**EXERCISE BRIEF**
Every line in the records below with the string "FURN" is to be copied out.

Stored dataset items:
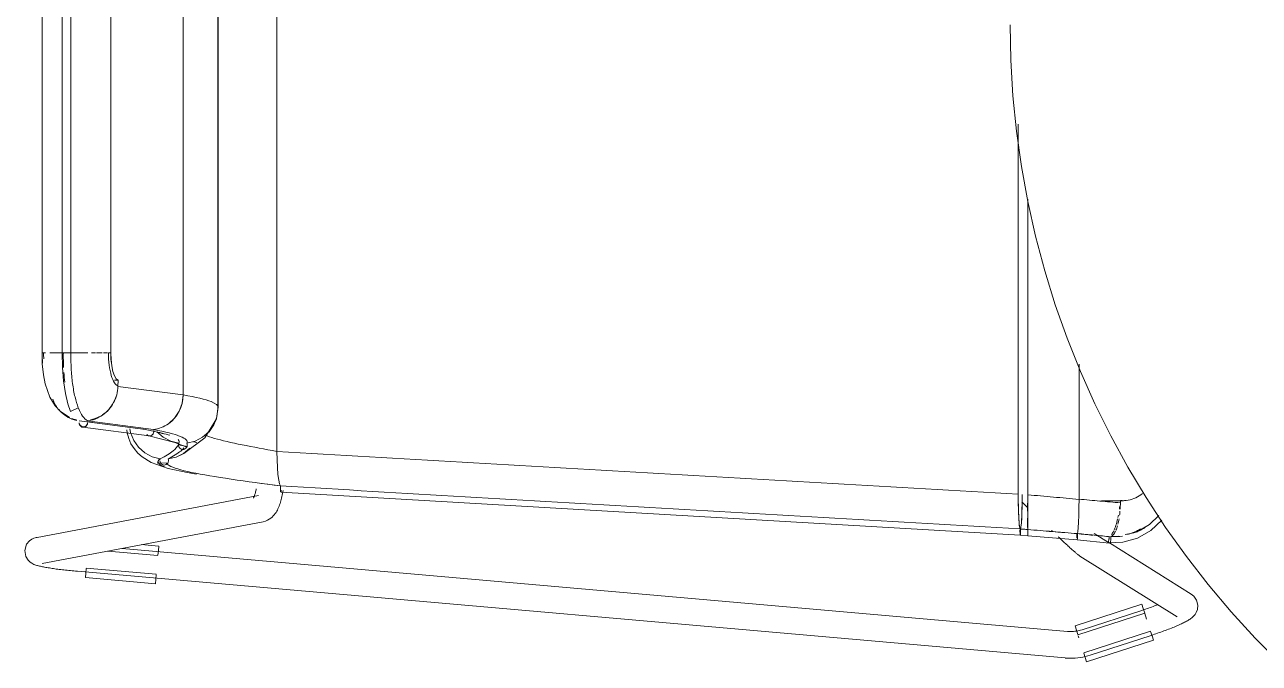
# Model space of a CAD drawing. Header units: millimetres. Extents: x 79795 to 317870, y -36033 to 97293.
# Drawn here: x 218755 to 219309, y 12019 to 12306 of the extents above; entities that cross this region are included whole.
import ezdxf

# ---------------------------------------------------------------- set-up
doc = ezdxf.new("R2010")
doc.units = ezdxf.units.MM
doc.header["$MEASUREMENT"] = 0
doc.layers.add('I-FURN', color=8, linetype='CONTINUOUS', lineweight=9)

msp = doc.modelspace()

# ---------------------------------------------------------------- linework, layer by layer
at = {"layer": 'I-FURN'}
for p, q in [((218868.3, 12497.27), (218868.3, 12113.87)), ((218868.3, 12113.87), (218868.3, 12497.27)), ((218841.8, 12477.97), (218841.8, 12133.18)), ((218841.8, 12133.18), (218841.8, 12477.97)), ((218826.2, 12471.93), (218826.2, 12139.22)), ((218826.2, 12139.22), (218826.2, 12471.93)), ((218762.83, 12453), (218762.83, 12158.15)), ((218771.87, 12453), (218771.87, 12158.15)), ((218775.83, 12158.15), (218775.83, 12453)), ((218793.67, 12453), (218793.67, 12158.15)), ((218793.73, 12158.15), (218793.73, 12453)), ((218841.95, 12133.72), (218841.95, 12438.52)), ((219197.34, 12305.57), (219197.66, 12289.58)), ((219197.66, 12289.58), (219198.62, 12273.61)), ((219198.62, 12273.61), (219200.21, 12257.69)), ((219201.03, 12260.89), (219201.03, 12094.62)), ((219201.03, 12094.62), (219201.03, 12260.89)), ((219200.21, 12257.69), (219202.45, 12241.85)), ((219202.45, 12241.85), (219205.31, 12226.11)), ((219205.31, 12226.11), (219208.8, 12210.49)), ((219205.35, 12227.19), (219205.35, 12094.36)), ((219205.35, 12094.36), (219205.35, 12227.19)), ((219208.8, 12210.49), (219212.91, 12195.03)), ((219212.91, 12195.03), (219217.64, 12179.75)), ((219217.64, 12179.75), (219222.98, 12164.66)), ((219222.98, 12164.66), (219228.91, 12149.81)), ((218762.83, 12158.15), (218762.94, 12153.12)), ((218762.83, 12158.15), (218763, 12158.15)), ((218764.32, 12158.15), (218762.85, 12158.15)), ((218768.93, 12158.15), (218766.35, 12158.15)), ((218769.09, 12158.15), (218772.11, 12158.15)), ((218772.11, 12158.15), (218769.1, 12158.15)), ((218771.87, 12158.15), (218771.96, 12151.61)), ((218771.87, 12158.15), (218771.94, 12158.15)), ((218775.72, 12158.15), (218771.87, 12158.15)), ((218771.94, 12158.15), (218772.14, 12158.15)), ((218772.14, 12158.15), (218772.44, 12158.15)), ((218772.44, 12158.15), (218772.83, 12158.15)), ((218772.83, 12158.15), (218773.28, 12158.15)), ((218773.28, 12158.15), (218773.78, 12158.15)), ((218773.78, 12158.15), (218774.27, 12158.15)), ((218774.27, 12158.15), (218774.75, 12158.15)), ((218774.75, 12158.15), (218775.17, 12158.15)), ((218775.17, 12158.15), (218775.5, 12158.15)), ((218775.5, 12158.15), (218775.72, 12158.15)), ((218775.8, 12158.15), (218779.61, 12158.15)), ((218779.62, 12158.15), (218775.8, 12158.15)), ((218783.37, 12158.15), (218779.81, 12158.15)), ((218786.84, 12158.15), (218785, 12158.15)), ((218789.82, 12158.15), (218787.36, 12158.15)), ((218792.15, 12158.15), (218790.41, 12158.15)), ((218793.84, 12155.11), (218793.73, 12158.15)), ((218794.16, 12152.26), (218793.84, 12155.11)), ((218762.94, 12153.12), (218763.45, 12148.3)), ((218763.45, 12148.3), (218764.24, 12144.26)), ((218771.96, 12151.61), (218772.45, 12145.48)), ((218794.67, 12149.77), (218794.16, 12152.26)), ((218795.34, 12147.78), (218794.67, 12149.77)), ((218796.13, 12146.43), (218795.34, 12147.78)), ((219228.32, 12092.42), (219228.32, 12152.97)), ((219228.32, 12152.97), (219228.32, 12092.42)), ((219228.91, 12149.81), (219235.44, 12135.2)), ((218764.24, 12144.26), (218766.37, 12138.21)), ((218772.45, 12145.48), (218773.3, 12139.86)), ((218795.33, 12145.79), (218796.99, 12145.79)), ((218796.99, 12145.79), (218796.13, 12146.43)), ((218796.92, 12143.08), (218796.99, 12145.79)), ((218826.2, 12139.22), (218796.92, 12143.08)), ((218766.37, 12138.21), (218768.76, 12134.33)), ((218773.3, 12139.86), (218774.39, 12135.17)), ((218825.72, 12135.45), (218826.2, 12139.22)), ((218768.76, 12134.33), (218771.05, 12131.86)), ((218771.05, 12131.86), (218774.95, 12129.18)), ((218774.39, 12135.17), (218775.56, 12131.72)), ((218775.56, 12131.72), (218779.1, 12133.48)), ((218822.33, 12128.79), (218824.41, 12131.9)), ((218824.41, 12131.9), (218825.72, 12135.45)), ((218841.95, 12133.72), (218841.15, 12128.68)), ((218841.8, 12133.18), (218841.32, 12129.39)), ((218841.33, 12129.39), (218841.8, 12133.18)), ((219235.44, 12135.2), (219242.54, 12120.86)), ((218774.95, 12129.18), (218775.15, 12129.08)), ((218779.58, 12127.54), (218809.27, 12123.69)), ((218783.11, 12127.08), (218785.55, 12126.76)), ((218783.12, 12127.51), (218812.82, 12123.67)), ((218819.59, 12126.3), (218822.33, 12128.79)), ((218841.08, 12128.53), (218835.97, 12119.88)), ((218839.95, 12125.82), (218837.78, 12122.69)), ((218837.79, 12122.68), (218839.96, 12125.82)), ((218841.15, 12128.68), (218839.78, 12125.51)), ((218841.32, 12129.39), (218839.95, 12125.82)), ((218839.96, 12125.82), (218841.33, 12129.39)), ((218781.14, 12124.7), (218810.92, 12120.84)), ((218800.92, 12123.57), (218801.07, 12122.15)), ((218801.07, 12122.15), (218801.73, 12119.65)), ((218802.59, 12122.3), (218802.21, 12124.04)), ((218802.21, 12124.04), (218802.58, 12122.29)), ((218802.58, 12122.29), (218803.98, 12118.78)), ((218814.79, 12122.44), (218808.49, 12123.82)), ((218809.85, 12121.37), (218810.24, 12121.08)), ((218810.24, 12121.08), (218810.68, 12120.89)), ((218810.68, 12120.89), (218811.15, 12120.83)), ((218810.84, 12120.86), (218822.45, 12117.89)), ((218811.15, 12120.83), (218811.62, 12120.89)), ((218811.62, 12120.89), (218812.06, 12121.08)), ((218812.06, 12121.08), (218812.44, 12121.38)), ((218812.44, 12121.38), (218812.74, 12121.76)), ((218812.74, 12121.76), (218812.94, 12122.21)), ((218812.94, 12122.21), (218813.02, 12122.7)), ((218813.02, 12122.7), (218812.98, 12123.2)), ((218814.32, 12122.68), (218817.19, 12120.18)), ((218817.22, 12121.68), (218814.79, 12122.44)), ((218817.19, 12120.18), (218820.59, 12118.42)), ((218834.91, 12120.18), (218831.52, 12118.43)), ((218831.52, 12118.42), (218834.92, 12120.18)), ((218837.78, 12122.69), (218834.91, 12120.18)), ((218834.92, 12120.18), (218837.79, 12122.68)), ((219242.54, 12120.86), (219250.21, 12106.82)), ((218801.73, 12119.65), (218802.75, 12117.28)), ((218802.75, 12117.28), (218804.13, 12115.08)), ((218803.98, 12118.78), (218806.15, 12115.7)), ((218804.13, 12115.08), (218805.81, 12113.11)), ((218806.15, 12115.7), (218808.98, 12113.22)), ((218820.59, 12118.42), (218824.3, 12117.53)), ((218822.45, 12117.89), (218827.78, 12115.72)), ((218824.02, 12116.85), (218827.91, 12116.02)), ((218824.1, 12116.57), (218824.14, 12117.06)), ((218824.14, 12117.06), (218824.1, 12116.56)), ((218824.18, 12116.07), (218824.1, 12116.57)), ((218824.1, 12116.56), (218824.18, 12116.07)), ((218824.14, 12117.06), (218824.3, 12117.53)), ((218824.3, 12117.53), (218824.14, 12117.06)), ((218824.39, 12115.62), (218824.18, 12116.07)), ((218824.18, 12116.07), (218824.38, 12115.62)), ((218824.38, 12115.62), (218824.7, 12115.24)), ((218824.7, 12115.24), (218824.39, 12115.62)), ((218825.1, 12114.95), (218824.7, 12115.24)), ((218824.7, 12115.24), (218825.1, 12114.94)), ((218825.56, 12114.76), (218825.1, 12114.95)), ((218825.1, 12114.94), (218825.56, 12114.75)), ((218826.05, 12114.69), (218825.56, 12114.76)), ((218825.56, 12114.75), (218826.05, 12114.69)), ((218826.54, 12114.76), (218826.05, 12114.69)), ((218826.05, 12114.69), (218826.54, 12114.75)), ((218829.19, 12115.35), (218826.36, 12112.96)), ((218826.36, 12112.94), (218829.19, 12115.35)), ((218835.97, 12119.88), (218826.43, 12112.9)), ((218827, 12114.95), (218826.54, 12114.76)), ((218826.54, 12114.75), (218827.01, 12114.94)), ((218827.41, 12115.24), (218827, 12114.95)), ((218827.01, 12114.94), (218827.41, 12115.24)), ((218827.72, 12115.62), (218827.41, 12115.24)), ((218827.41, 12115.24), (218827.72, 12115.62)), ((218827.92, 12116.07), (218827.72, 12115.62)), ((218827.72, 12115.62), (218827.93, 12116.07)), ((218827.8, 12117.53), (218827.97, 12117.06)), ((218827.81, 12117.53), (218831.52, 12118.42)), ((218827.97, 12117.06), (218827.81, 12117.53)), ((218828.01, 12116.57), (218827.92, 12116.07)), ((218827.93, 12116.07), (218828.01, 12116.56)), ((218827.97, 12117.06), (218828.01, 12116.57)), ((218828.01, 12116.56), (218827.97, 12117.06)), ((218805.81, 12113.11), (218807.78, 12111.37)), ((218807.78, 12111.37), (218811.89, 12108.86)), ((218808.98, 12113.22), (218812.3, 12111.48)), ((218812.3, 12111.48), (218815.93, 12110.57)), ((218815.01, 12109.66), (218814.69, 12108.5)), ((218815.72, 12109.6), (218815.8, 12109.11)), ((218815.8, 12109.11), (218815.73, 12109.6)), ((218815.77, 12110.1), (218815.93, 12110.57)), ((218815.93, 12110.57), (218815.77, 12110.1)), ((218816, 12108.66), (218815.8, 12109.11)), ((218815.8, 12109.11), (218815.99, 12108.65)), ((218819.51, 12109.06), (218819.3, 12108.61)), ((218819.3, 12108.6), (218819.51, 12109.05)), ((218823.03, 12111.31), (218819.42, 12110.52)), ((218819.42, 12110.52), (218823.03, 12111.3)), ((218819.42, 12110.52), (218819.57, 12110.05)), ((218819.57, 12110.05), (218819.42, 12110.52)), ((218819.6, 12109.55), (218819.51, 12109.06)), ((218819.51, 12109.05), (218819.6, 12109.55)), ((218819.57, 12110.05), (218819.6, 12109.55)), ((218819.6, 12109.55), (218819.57, 12110.05)), ((218826.35, 12112.96), (218823.03, 12111.31)), ((218823.03, 12111.3), (218826.36, 12112.94)), ((218826.43, 12112.9), (218824.68, 12112.01)), ((218868.3, 12113.87), (218868.36, 12110.11)), ((218868.36, 12110.1), (218868.3, 12113.8)), ((218868.36, 12110.11), (218868.51, 12106.57)), ((218868.51, 12106.57), (218868.36, 12110.04)), ((218811.89, 12108.86), (218819.52, 12106.19)), ((218814.69, 12108.5), (218818.54, 12108.69)), ((218815.99, 12108.65), (218816.3, 12108.26)), ((218816.3, 12108.27), (218816, 12108.66)), ((218816.7, 12107.97), (218816.3, 12108.27)), ((218816.3, 12108.26), (218816.7, 12107.96)), ((218817.15, 12107.77), (218816.7, 12107.97)), ((218816.7, 12107.96), (218817.15, 12107.77)), ((218817.63, 12107.7), (218817.15, 12107.77)), ((218817.15, 12107.77), (218817.63, 12107.69)), ((218818.12, 12107.76), (218817.63, 12107.7)), ((218817.63, 12107.69), (218818.12, 12107.75)), ((218818.58, 12107.94), (218818.12, 12107.76)), ((218818.12, 12107.75), (218818.58, 12107.94)), ((218818.98, 12108.23), (218818.58, 12107.94)), ((218818.58, 12107.94), (218818.98, 12108.23)), ((218819.3, 12108.61), (218818.98, 12108.23)), ((218818.98, 12108.23), (218819.3, 12108.6)), ((218819.52, 12106.19), (218828.04, 12104.3)), ((218828.04, 12104.3), (218832.1, 12103.57)), ((218868.51, 12106.57), (218868.75, 12103.47)), ((218868.75, 12103.47), (218868.51, 12106.52)), ((218868.75, 12103.47), (218869.06, 12100.97)), ((218869.06, 12100.97), (218868.75, 12103.44)), ((219250.21, 12106.82), (219258.43, 12093.1)), ((218869.06, 12100.97), (218869.43, 12099.23)), ((218869.43, 12099.23), (218869.06, 12100.96)), ((218869.43, 12099.23), (218869.83, 12098.32)), ((218869.83, 12098.32), (218869.43, 12099.23)), ((218869.83, 12098.32), (218869.81, 12097.85)), ((218869.81, 12097.85), (218869.83, 12098.32)), ((218869.81, 12097.85), (218869.81, 12097.36)), ((218869.81, 12097.35), (218869.81, 12097.85)), ((218859.94, 12094.06), (218760.65, 12075.24)), ((218857.71, 12092.84), (218857.72, 12092.86)), ((218857.72, 12092.86), (218857.77, 12092.93)), ((218857.77, 12092.93), (218857.81, 12093.02)), ((218857.81, 12093.02), (218857.89, 12093.17)), ((218857.89, 12093.17), (218857.97, 12093.37)), ((218857.97, 12093.37), (218858.07, 12093.6)), ((218858.07, 12093.6), (218858.17, 12093.87)), ((218858.17, 12093.87), (218858.28, 12094.17)), ((218858.28, 12094.17), (218858.39, 12094.51)), ((218858.39, 12094.51), (218858.49, 12094.87)), ((218858.49, 12094.87), (218858.6, 12095.27)), ((218858.6, 12095.27), (218858.71, 12095.69)), ((218858.71, 12095.69), (218858.81, 12096.14)), ((218858.81, 12096.14), (218858.91, 12096.61)), ((218858.91, 12096.61), (218859.01, 12097.1)), ((218869.81, 12097.36), (218869.82, 12096.86)), ((218869.81, 12096.86), (218869.81, 12097.35)), ((218869.84, 12096.41), (218869.81, 12096.86)), ((218869.82, 12096.86), (218869.84, 12096.41)), ((218869.84, 12096.41), (218869.87, 12096.02)), ((218869.87, 12096.02), (218869.84, 12096.41)), ((218869.87, 12096.02), (218869.91, 12095.73)), ((218869.91, 12095.72), (218869.87, 12096.02)), ((218870.02, 12095.46), (218870.07, 12095.52)), ((218870.07, 12095.52), (218870.02, 12095.46)), ((219201.93, 12076.17), (218870.02, 12095.46)), ((218870.12, 12095.71), (218870.16, 12096)), ((218870.17, 12095.99), (218870.12, 12095.7)), ((218870.16, 12096), (218870.2, 12096.38)), ((218870.2, 12096.37), (218870.17, 12095.99)), ((218870.21, 12092.22), (218870.37, 12092.86)), ((218870.37, 12092.86), (218870.52, 12093.52)), ((218870.52, 12093.52), (218870.67, 12094.19)), ((218870.67, 12094.19), (218870.8, 12094.87)), ((218870.8, 12094.87), (218870.93, 12095.56)), ((218870.93, 12095.56), (218871.04, 12096.27)), ((219201.03, 12094.62), (219201.06, 12090.84)), ((219202.79, 12090.83), (219202.82, 12094.51)), ((219205.35, 12094.36), (219205.35, 12090.57)), ((219205.35, 12090.57), (219205.35, 12094.36)), ((219228.29, 12088.65), (219228.32, 12092.42)), ((219258.43, 12093.1), (219267.2, 12079.72)), ((218867.86, 12086.44), (218868.18, 12086.98)), ((218868.18, 12086.98), (218868.47, 12087.51)), ((218868.47, 12087.51), (218868.75, 12088.07)), ((218868.75, 12088.07), (218869, 12088.63)), ((218869, 12088.63), (218869.23, 12089.2)), ((218869.23, 12089.2), (218869.45, 12089.78)), ((218869.45, 12089.78), (218869.66, 12090.37)), ((218869.66, 12090.37), (218869.85, 12090.97)), ((218869.85, 12090.97), (218870.04, 12091.59)), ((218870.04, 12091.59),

**OUTPUT FOR THIS EXERCISE**
doc.layers.add('I-FURN', color=8, linetype='CONTINUOUS', lineweight=9)
at = {"layer": 'I-FURN'}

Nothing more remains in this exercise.